Chinwetalu Agu and Patience Ozokwor are probably some of Nollywood’s most prolific actors. They are also famous for reprising roles or characters where they somehow contrive to poison or kill the “whole village”.
The good thing, however, is they always get served by the end of the movie. Some mysterious force or illness strikes them down and gets them to confess before they pass on to the great beyond.
Our societal programming leads us to expect the world to be a decent place. So, when the character falls to the ground, foaming from the mouth and confessing, we feel at peace, knowing that she deserved what was coming to her.
“After all, she has been committing evil crimes for the past 90 minutes.”

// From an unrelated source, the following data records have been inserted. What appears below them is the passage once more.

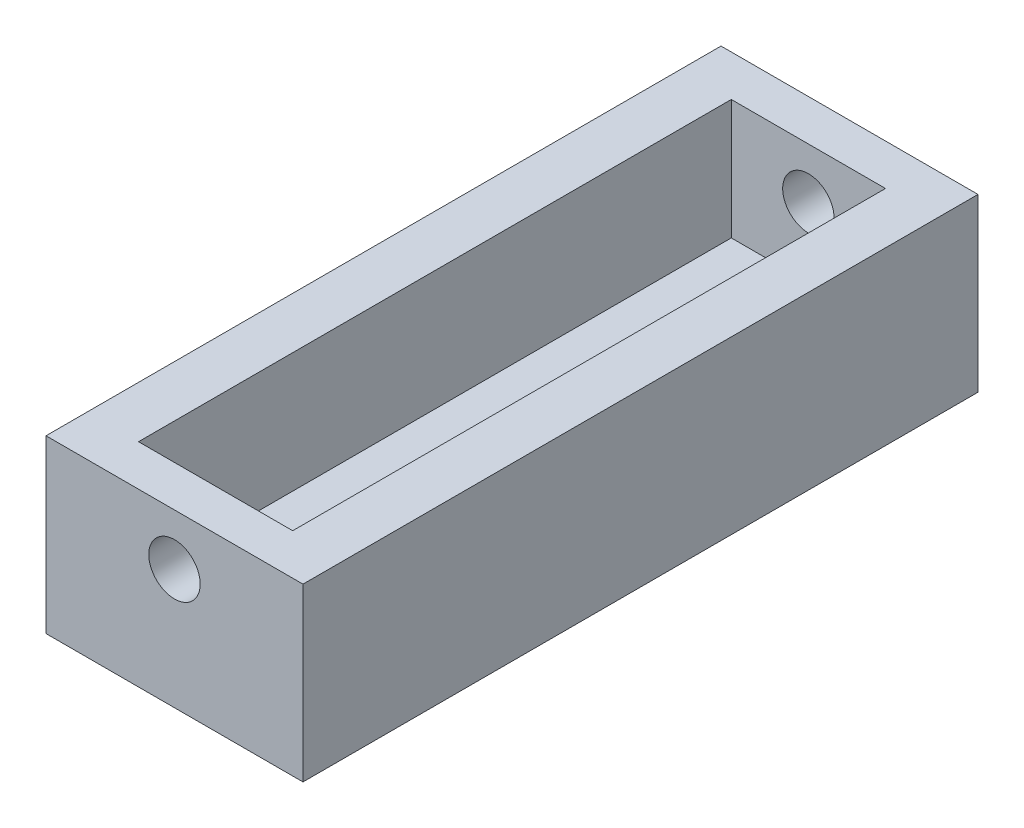
SolidWorks part; units mm, degrees
material "ABS"
ref_plane "Front Plane" through (0, 0, 0) normal (0, 0, 1) x (1, 0, 0)
ref_plane "Top Plane" through (0, 0, 0) normal (0, 1, 0) x (1, 0, 0)
ref_plane "Right Plane" through (0, 0, 0) normal (1, 0, 0) x (0, 0, -1)
sketch "Sketch1" plane through (0, 0, 0) normal (0, 0, 1) x (1, 0, 0)
  line L0 (-3.75, 0) -> (3.75, 0) construction
  line L1 (3.75, 0) -> (3.75, 5)
  line L2 (3.75, 5) -> (2.25, 5)
  line L3 (2.25, 5) -> (2.25, 1.5)
  line L4 (-2.25, 1.5) -> (2.25, 1.5) construction
  line L5 (-2.25, 1.5) -> (-2.25, 5)
  line L6 (-2.25, 5) -> (-3.75, 5)
  line L7 (-3.75, 5) -> (-3.75, 0)
  line L8 (0, 0) -> (0, 1.5) construction
  line L9 (-2.25, 1.5) -> (-0.6, 1.5)
  line L10 (-0.6, 1.5) -> (-0.6, 0)
  line L11 (2.25, 1.5) -> (0.6, 1.5)
  line L12 (0.6, 1.5) -> (0.6, 0)
  line L13 (0.6, 0) -> (3.75, 0)
  line L14 (-0.6, 0) -> (-3.75, 0)
  dimension "D1" = 1.5
  dimension "D2" = 7.5
  dimension "D7" = 4.5
  dimension "D5" = 0.6
  dimension "D3" = 5
  dimension "D4" = 1.5
  dimension "D6" = 0.6
extrude "body" add sketch "Sketch1" along normal blind 17.3
sketch "Sketch2" plane through (0, 0, 0) normal (0, 0, 1) x (1, 0, 0)
  line L0 (-3.75, 5) -> (3.75, 5)
  line L1 (3.75, 5) -> (3.75, 0)
  line L2 (3.75, 0) -> (-3.75, 0)
  line L3 (-3.75, 0) -> (-3.75, 5)
extrude "end" add sketch "Sketch2" against normal blind 1.2 contours L3 | L3 L2 L1 L0 region at (0, 2.5, 0)
extrude "end1" add sketch "Sketch2<4>" along normal blind 1.2 from offset 17.3
sketch "Sketch2<4>" plane through (0, 0, 0) normal (0, 0, 1) x (1, 0, 0) same geometry as "Sketch2"
sketch "Sketch3" plane through (0, 0, 18.5) normal (0, 0, 1) x (1, 0, 0)
  line L0 (0, 5) -> (0, 0) construction
  line L1 (3.75, 5) -> (-3.75, 5) construction
  line L2 (-3.75, 2.5) -> (3.75, 2.5) construction
  line L3 (-3.75, 5) -> (-3.75, 0) construction
  line L4 (3.75, 0) -> (3.75, 5) construction
  line L5 (-3.75, 3.5) -> (3.75, 3.5) construction
  circle A0 centre (0, 3.5) radius 0.75
  dimension "D1" = 1.5
  dimension "D2" = 1
extrude "tendon hole" cut sketch "Sketch3" against normal up to surface (19.7 mm away) up to face at (0, 2.5, -1.2)

But we don’t just do this to our movie characters. Anytime we hear something happen to someone who we feel deserved it; we use phrases such as “she was always going to suffer for what she did” or “what goes around comes around”.
The idea that right actions beget good results and evil actions generates evil results is a prevalent theme among most religions and cultures. Your actions and decisions define the rewards or punishment you receive.
However, correlation is not causation.
As pattern-seeking animals, our deeply ingrained need to apply logic to everything that happens around us makes it seems reasonable to believe the concept that good things come to the do-gooders and vice versa.
As I posited earlier, we badly want to believe that the world is a fair place 😏. Known as the “just-world hypothesis”, this cognitive bias is our way of rationalizing events that happen around us.
Once we fall victim to misfortune, we automatically start looking for something or someone to blame for what has befallen us.
Rather than merely attributing it to a random lousy turn of events or bad luck, we assume that it is our past behavior or sometimes the behavior of our ancestors that is to blame. We believe the universe is merely restoring the moral order, serving the appropriate rewards or punishment according to our past actions.
Which is why you shouldn’t be surprised when you hear arguments such as “if the social media is regulated in Nigeria, we Nigerians are to blame”.
In the early 1960s, Melvin Lerner – a social psychologist – conducted seminal research on the just-world phenomenon, attempting to understand how regimes that cause cruelty and suffering maintain popular support among its people.
His biggest surprise was watching his students fall victim to the same hypothesis they were studying. They belittled the poor, seeing them as individuals who were either lazy or of low intelligence, unable to rise out of poverty on their own. Utterly oblivious of all the systemic factors that keep people in the poverty cycle.
So why are we beholden to the just-world phenomenon? What makes us want to believe in a world where all our actions – both positive and negative – have predictable consequences even though reality says otherwise?
We prefer to believe that we have or can influence the various events in our lives. Most humans are selfish, and we want good outcomes in return for our good deeds. This thought process makes it easier for us to plan for the future and set goals.
Following this logic makes us comfortable. As we know that we have a high chance of achieving those goals as long as consistently act or behave in a certain way.
We love to assume, or maybe the right word is hope that we can’t be victims of certain kinds of misfortune. An example would be a violent crime such as assault or rape. Whenever we hear about one, we rationalise it by blaming the victim’s behaviour.
This helps us believe that we can avoid being victims of such misfortune by merely avoiding past victims’ behaviours.
The human brain hates incongruity with a passion. It’s painful to watch good things happen to bad people, or bad things happen to good people. It doesn’t seat well with our moral code or how we expect the universe to operate.
To deal with this anxiety, we try to justify the situation. For instance, you might think, “he must have done something wrong for that to happen. What goes around always comes around.”
It doesn’t matter if our conclusions are correct or not; this logical fallacy helps with our mental well-being and helps keep us sane in an irrational and unpredictable world.
Humans are pattern-seeking creatures, and so we naturally try to ascribe meanings to everything that happens around us. These patterns provide us with mental shortcuts to navigate our environment and make “informed” decisions.
The just-world phenomenon helps us make sense of why certain situations occur to us or those around us.
The truth is – most of the time, life is a sequence of random events.